SINGAPORE - It is a very rare event, surely, that a stock exchange's largest company does not register a trade for more than a month.
But that is precisely the quagmire that the Singapore Exchange (SGX) finds itself mired in with British insurer Prudential.
The stock trades actively in London and New York but barely registers a yawn on its Singapore secondary listing. The last successful SGX transaction was on April 24.
Trades on that day bumped up Prudential's value by 27 per cent and allowed it to leapfrog longstanding bourse leader SingTel to be the largest company in Singapore.
SingTel, a popular retail and institutional stock, contributes vastly more to market activity but number crunchers do not care. At the end of last month, SingTel's market capitalisation of $62.14 billion remained below Prudential's $63.859 billion.
Prudential encapsulates the quandary that the SGX faces over secondary listings - they look good on paper and may dramatically lift the value of the market but do not really contribute much else.
This has come in the spotlight after the SGX on Wednesday said it will codify its regulations into a framework for secondary listings to make the rules clearer to all.
Secondary listings have their stock quoted in a primary listing in their home market - in charge of most of the regulation - but have their shares also listed and traded elsewhere, such as in Singapore.
Under the SGX proposal, companies from developing markets would be subject to more continuing listing requirements. The SGX would apply a lighter touch to those from developed markets, relying more on the home bourses for regulation.
The bourse operator has said the change is more to clarify regulations than to attract more companies to Singapore.
Mr Mohamed Nasser Ismail, SGX's head of issuer regulation, on Wednesday said the regulatory framework has been "a long time in the making", and there is no link with any listing.
But market watchers say the regulatory framework will, in effect, make it easier for global companies to seek a secondary listing and there is little doubt that secondary listings form a part of the SGX's plans to boost its securities market.
After all, what's not to like about having the world's most famous companies listed here. Their presence - even as secondary listings - add glitz and glamour.
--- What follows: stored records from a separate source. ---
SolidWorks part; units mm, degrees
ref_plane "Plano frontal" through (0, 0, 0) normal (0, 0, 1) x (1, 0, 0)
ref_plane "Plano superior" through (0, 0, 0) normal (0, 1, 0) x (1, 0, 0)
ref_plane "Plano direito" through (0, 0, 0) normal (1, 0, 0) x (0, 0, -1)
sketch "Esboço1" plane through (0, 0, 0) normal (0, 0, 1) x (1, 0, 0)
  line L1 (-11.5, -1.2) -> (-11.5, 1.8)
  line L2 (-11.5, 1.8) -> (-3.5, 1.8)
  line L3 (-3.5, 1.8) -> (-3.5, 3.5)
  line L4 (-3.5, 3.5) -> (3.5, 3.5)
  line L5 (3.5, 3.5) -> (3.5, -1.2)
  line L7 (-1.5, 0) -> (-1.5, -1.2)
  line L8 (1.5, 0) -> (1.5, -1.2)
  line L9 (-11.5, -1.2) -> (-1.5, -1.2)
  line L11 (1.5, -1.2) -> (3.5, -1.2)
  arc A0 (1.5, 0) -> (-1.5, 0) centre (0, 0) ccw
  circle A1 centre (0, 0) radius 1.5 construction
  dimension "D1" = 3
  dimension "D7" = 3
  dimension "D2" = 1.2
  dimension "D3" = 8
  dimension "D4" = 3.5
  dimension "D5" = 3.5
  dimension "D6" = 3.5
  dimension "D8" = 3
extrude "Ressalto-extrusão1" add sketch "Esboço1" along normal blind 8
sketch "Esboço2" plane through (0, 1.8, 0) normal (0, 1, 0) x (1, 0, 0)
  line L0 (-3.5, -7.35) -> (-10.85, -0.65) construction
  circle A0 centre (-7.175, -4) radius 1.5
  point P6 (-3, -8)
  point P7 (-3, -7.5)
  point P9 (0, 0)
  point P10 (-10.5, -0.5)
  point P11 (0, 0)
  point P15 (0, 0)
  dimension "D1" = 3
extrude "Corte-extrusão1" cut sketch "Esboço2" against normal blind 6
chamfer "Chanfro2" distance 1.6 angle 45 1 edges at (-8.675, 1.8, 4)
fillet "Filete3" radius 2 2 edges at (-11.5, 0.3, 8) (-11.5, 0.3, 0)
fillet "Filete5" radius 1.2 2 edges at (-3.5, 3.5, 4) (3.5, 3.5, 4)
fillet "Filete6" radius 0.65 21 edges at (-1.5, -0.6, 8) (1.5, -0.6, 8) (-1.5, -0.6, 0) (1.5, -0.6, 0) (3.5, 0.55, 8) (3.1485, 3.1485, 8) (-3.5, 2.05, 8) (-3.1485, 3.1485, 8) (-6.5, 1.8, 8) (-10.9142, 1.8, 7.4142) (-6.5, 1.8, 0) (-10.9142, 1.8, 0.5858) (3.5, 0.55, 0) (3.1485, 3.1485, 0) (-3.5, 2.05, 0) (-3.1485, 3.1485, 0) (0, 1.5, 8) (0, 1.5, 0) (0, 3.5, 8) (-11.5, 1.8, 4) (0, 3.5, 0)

It is an apt coincidence that the regulatory announcement comes just slightly after news that Russian's Gazprom, the world's largest producer of natural gas, is exploring a secondary listing here.
But judging from history, big names such as Prudential and possibly Gazprom will probably not add much to market activity, although their impact on the value of the bourse is oversized.
There are 33 secondary listings and many of them do not register a trade on any typical day. Yet these firms made up $311.225 billion of the $1.012 trillion worth of securities listed here - or over 30 per cent of the total market's value.
The more active counters include the three secondary-listed Jardine stocks on the benchmark Straits Times Index - Jardine Matheson Holdings, Jardine Strategic Holdings and Hongkong Land Holdings.
Even then, SGX data shows the turnover of these three stocks was only about 2 per cent of the total trading value of securities last month. This is low considering that their combined month-end value of $124.9 billion was about 12 per cent of the overall market total.
In fact, the secondary listings market bears some resemblance to the market for American Depository Receipts (ADRs), which is facing even more dire straits.
In 2010, SGX introduced the ADRs of some China companies listed in New York, to much fanfare. The idea was that investors would be able to trade in the companies' stock during Asian hours when the companies themselves were doing business, rather than wait for New York to open.
As China stocks go, the ADRs here are the bluest of the blue chips. There is Internet giant Baidu, China's biggest oil producer PetroChina, and China Mobile, the world's largest mobile phone operator by subscribers.
But trading activity of the ADRs here is painfully thin, and most days pass by without any transaction being completed in a single ADR.
There are some differences between ADRs which are merely "quoted" here and secondary listings. But the sales pitch to investors is still the same - trade the world's largest companies on the SGX. And the impact has, unfortunately, been similar as well - a boost to prestige but not much help to trading activity.
One possible reason for the malaise is that the trading activity invariably centres on the home market, where the interest is higher.
Although Prudential's listings in Western markets are doing well, its Hong Kong counter is almost as dead as the SGX one. Most days, Prudential trades only 2,000 shares or less in the territory.
On the bright side, however, there is no need to panic - SGX's derivatives business has grown nicely in recent years, for instance. There has also been a suggestion to cut the lot size for corporate bonds and list them so retail investors can trade - an idea that may yet prove profitable.
The SGX must be commended for its hard work in coming up with the latest regulatory framework but it really shouldn't be looking to secondary listings if it wants to boost the market. Just look at Prudential. The man in the street probably doesn't even know that it is listed here.